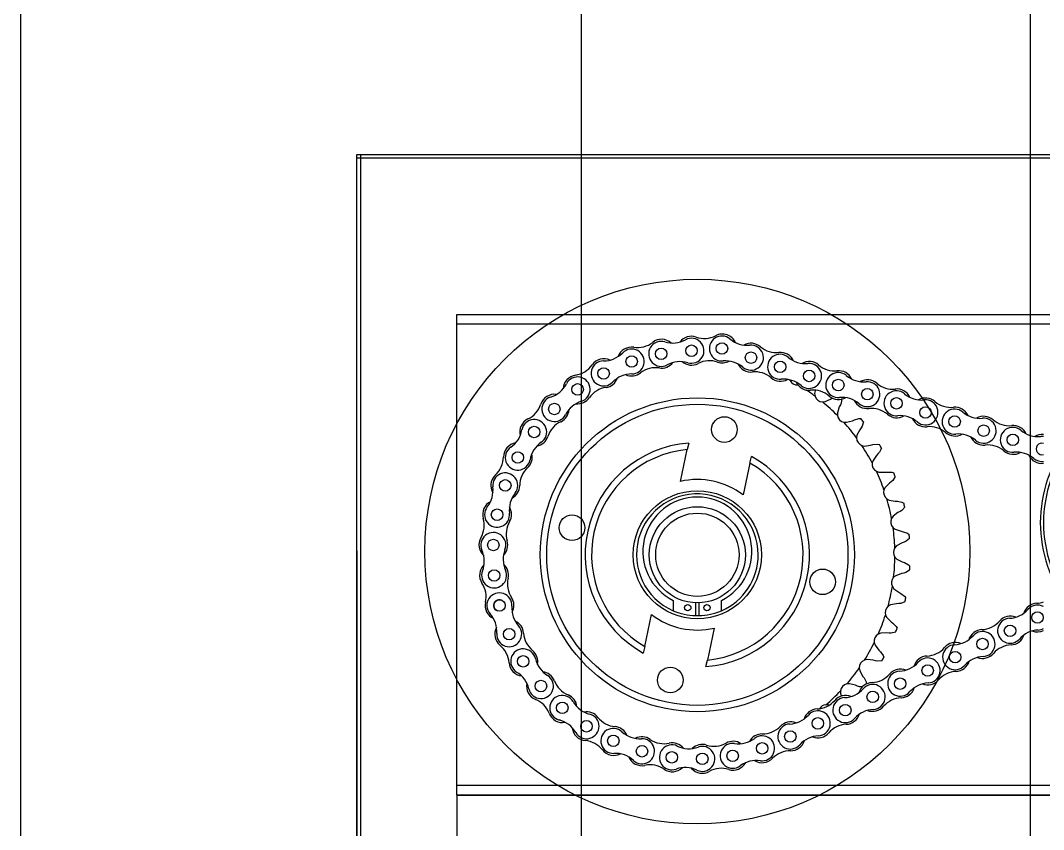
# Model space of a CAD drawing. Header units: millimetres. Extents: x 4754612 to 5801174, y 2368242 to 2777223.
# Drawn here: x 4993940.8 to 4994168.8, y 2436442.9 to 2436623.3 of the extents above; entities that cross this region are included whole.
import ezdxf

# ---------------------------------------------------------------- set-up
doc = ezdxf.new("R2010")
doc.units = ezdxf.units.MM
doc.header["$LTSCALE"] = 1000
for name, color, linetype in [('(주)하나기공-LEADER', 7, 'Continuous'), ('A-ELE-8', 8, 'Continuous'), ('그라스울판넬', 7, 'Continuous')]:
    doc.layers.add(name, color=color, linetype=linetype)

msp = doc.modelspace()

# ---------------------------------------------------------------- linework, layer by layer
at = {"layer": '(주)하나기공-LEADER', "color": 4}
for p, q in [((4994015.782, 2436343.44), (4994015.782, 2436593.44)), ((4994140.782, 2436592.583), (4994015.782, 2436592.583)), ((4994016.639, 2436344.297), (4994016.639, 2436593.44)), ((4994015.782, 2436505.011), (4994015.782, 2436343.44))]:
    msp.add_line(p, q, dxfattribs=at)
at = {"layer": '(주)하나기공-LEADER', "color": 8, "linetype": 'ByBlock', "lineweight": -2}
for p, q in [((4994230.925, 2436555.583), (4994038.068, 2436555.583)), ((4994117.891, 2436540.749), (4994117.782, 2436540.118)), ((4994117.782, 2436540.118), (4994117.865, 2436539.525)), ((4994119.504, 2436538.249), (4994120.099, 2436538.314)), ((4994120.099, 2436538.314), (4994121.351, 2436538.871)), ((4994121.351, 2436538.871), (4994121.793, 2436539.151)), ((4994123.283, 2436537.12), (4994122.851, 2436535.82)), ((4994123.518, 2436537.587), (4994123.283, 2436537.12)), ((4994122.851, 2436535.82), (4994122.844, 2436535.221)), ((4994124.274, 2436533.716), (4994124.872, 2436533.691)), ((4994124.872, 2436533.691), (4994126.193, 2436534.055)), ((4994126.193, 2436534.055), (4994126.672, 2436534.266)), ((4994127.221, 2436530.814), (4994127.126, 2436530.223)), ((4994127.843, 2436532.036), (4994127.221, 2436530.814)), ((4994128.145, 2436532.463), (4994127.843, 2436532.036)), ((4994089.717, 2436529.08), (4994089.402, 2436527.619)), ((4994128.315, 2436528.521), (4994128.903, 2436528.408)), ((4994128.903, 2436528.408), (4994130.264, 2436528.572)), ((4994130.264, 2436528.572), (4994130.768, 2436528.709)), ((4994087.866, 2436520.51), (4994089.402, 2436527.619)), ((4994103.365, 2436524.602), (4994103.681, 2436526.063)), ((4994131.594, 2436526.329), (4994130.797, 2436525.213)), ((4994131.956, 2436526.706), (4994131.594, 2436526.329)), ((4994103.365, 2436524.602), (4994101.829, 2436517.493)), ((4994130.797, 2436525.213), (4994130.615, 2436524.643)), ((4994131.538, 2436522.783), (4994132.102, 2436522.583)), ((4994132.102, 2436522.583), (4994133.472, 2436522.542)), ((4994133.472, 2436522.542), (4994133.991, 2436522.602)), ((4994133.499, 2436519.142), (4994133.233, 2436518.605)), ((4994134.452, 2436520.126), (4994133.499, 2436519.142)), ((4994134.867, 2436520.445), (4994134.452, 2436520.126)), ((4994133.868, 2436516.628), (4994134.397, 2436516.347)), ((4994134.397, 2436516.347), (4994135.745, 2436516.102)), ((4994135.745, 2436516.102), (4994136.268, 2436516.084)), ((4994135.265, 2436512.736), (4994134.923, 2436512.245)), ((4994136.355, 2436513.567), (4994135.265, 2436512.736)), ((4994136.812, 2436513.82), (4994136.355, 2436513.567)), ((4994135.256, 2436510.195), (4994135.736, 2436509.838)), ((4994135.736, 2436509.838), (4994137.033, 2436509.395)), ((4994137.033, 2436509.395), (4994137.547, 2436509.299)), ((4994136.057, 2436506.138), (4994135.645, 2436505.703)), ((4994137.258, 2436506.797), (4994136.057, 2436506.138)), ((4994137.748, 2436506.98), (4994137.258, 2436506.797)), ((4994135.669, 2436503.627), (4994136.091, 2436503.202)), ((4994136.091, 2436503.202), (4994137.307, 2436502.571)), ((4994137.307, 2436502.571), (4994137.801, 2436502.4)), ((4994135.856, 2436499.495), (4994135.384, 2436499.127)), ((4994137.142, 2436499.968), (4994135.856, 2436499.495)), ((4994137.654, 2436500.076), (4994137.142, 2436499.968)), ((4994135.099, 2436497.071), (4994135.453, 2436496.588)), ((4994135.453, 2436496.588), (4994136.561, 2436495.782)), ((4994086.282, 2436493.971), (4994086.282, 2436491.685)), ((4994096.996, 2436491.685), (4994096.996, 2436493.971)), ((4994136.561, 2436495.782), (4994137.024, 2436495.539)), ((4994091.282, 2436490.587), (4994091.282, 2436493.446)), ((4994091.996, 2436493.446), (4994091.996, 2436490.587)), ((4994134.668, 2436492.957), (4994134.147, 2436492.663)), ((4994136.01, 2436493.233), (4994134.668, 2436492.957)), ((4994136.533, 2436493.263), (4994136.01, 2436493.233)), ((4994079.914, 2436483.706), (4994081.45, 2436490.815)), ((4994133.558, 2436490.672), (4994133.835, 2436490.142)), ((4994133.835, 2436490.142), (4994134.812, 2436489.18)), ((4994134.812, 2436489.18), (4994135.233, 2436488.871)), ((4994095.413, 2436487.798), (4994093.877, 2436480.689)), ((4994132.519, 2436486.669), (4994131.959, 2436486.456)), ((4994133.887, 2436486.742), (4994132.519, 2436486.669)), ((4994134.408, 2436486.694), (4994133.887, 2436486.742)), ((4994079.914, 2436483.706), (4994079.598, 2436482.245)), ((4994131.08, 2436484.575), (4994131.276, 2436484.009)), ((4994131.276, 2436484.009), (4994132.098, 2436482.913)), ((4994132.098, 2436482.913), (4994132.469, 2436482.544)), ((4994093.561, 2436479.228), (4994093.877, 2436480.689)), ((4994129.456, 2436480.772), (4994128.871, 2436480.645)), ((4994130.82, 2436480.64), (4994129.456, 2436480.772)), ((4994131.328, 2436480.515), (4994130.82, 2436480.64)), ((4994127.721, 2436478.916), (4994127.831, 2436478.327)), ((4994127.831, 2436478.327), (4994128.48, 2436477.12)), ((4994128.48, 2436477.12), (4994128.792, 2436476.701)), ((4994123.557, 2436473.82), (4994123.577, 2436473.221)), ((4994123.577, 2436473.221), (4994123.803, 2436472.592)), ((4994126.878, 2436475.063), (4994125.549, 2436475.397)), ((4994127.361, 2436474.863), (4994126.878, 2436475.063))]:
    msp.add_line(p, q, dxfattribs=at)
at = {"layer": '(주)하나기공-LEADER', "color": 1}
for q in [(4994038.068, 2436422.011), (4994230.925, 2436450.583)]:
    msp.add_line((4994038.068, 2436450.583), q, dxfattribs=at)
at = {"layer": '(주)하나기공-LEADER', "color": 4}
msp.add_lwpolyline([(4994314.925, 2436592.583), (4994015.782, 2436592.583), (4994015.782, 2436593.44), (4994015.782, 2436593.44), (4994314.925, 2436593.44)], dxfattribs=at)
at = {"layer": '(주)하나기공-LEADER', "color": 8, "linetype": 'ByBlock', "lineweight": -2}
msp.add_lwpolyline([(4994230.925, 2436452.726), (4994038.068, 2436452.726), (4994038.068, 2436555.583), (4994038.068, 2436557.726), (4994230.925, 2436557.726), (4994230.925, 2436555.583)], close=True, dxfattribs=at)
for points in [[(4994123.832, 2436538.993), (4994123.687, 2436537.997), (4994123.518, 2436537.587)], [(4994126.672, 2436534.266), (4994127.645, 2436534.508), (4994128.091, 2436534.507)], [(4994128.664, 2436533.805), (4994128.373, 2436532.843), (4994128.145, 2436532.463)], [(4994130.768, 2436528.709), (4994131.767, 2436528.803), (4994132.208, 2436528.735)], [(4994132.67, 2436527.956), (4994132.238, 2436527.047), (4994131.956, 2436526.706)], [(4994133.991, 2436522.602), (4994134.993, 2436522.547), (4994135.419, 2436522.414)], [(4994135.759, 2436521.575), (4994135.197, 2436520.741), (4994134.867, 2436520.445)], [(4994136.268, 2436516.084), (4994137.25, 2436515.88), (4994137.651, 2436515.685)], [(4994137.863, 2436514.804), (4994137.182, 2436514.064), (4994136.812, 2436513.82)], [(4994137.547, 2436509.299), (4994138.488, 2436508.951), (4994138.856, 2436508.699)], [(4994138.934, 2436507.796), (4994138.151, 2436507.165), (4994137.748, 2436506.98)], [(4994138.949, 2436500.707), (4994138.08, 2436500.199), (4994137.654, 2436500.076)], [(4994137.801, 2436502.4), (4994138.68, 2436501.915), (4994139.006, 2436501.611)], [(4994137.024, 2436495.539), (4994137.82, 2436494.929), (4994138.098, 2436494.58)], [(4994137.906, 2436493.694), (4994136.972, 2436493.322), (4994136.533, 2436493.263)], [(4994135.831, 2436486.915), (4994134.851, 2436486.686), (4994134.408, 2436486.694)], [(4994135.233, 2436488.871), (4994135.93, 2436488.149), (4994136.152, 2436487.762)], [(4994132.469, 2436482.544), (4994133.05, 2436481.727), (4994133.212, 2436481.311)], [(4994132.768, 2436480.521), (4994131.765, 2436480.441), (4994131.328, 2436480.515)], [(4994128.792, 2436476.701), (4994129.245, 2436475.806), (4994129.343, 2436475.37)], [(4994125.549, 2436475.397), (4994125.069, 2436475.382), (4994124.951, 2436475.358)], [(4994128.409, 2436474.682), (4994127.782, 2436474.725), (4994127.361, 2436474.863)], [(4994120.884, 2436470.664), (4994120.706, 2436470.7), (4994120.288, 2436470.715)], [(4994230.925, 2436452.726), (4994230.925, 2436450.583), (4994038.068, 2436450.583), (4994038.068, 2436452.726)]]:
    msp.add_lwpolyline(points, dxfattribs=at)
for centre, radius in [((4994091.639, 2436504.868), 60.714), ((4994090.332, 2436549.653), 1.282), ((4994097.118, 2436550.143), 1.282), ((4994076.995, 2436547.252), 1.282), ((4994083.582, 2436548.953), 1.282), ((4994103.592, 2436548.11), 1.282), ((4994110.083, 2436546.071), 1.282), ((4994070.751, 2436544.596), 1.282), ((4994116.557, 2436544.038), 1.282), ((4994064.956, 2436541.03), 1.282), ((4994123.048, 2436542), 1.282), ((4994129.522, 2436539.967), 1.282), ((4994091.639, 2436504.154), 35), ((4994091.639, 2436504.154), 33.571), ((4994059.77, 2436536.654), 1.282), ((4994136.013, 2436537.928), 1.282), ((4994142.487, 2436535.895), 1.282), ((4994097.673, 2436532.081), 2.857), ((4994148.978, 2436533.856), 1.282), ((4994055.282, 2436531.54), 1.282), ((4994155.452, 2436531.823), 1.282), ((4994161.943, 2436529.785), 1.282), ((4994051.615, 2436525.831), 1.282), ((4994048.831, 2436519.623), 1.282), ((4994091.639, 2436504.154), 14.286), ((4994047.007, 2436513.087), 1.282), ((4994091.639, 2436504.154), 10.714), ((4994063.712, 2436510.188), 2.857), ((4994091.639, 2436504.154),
★ ★ ★ ★
TASK DIRECTIONS: Give again, word for word, every line from the top of the entries above to the line holding "import ezdxf", both included. Leave the pictures out.

PROBLEM SOLUTION:
# Model space of a CAD drawing. Header units: millimetres. Extents: x 4754612 to 5801174, y 2368242 to 2777223.
# Drawn here: x 4993940.8 to 4994168.8, y 2436442.9 to 2436623.3 of the extents above; entities that cross this region are included whole.
import ezdxf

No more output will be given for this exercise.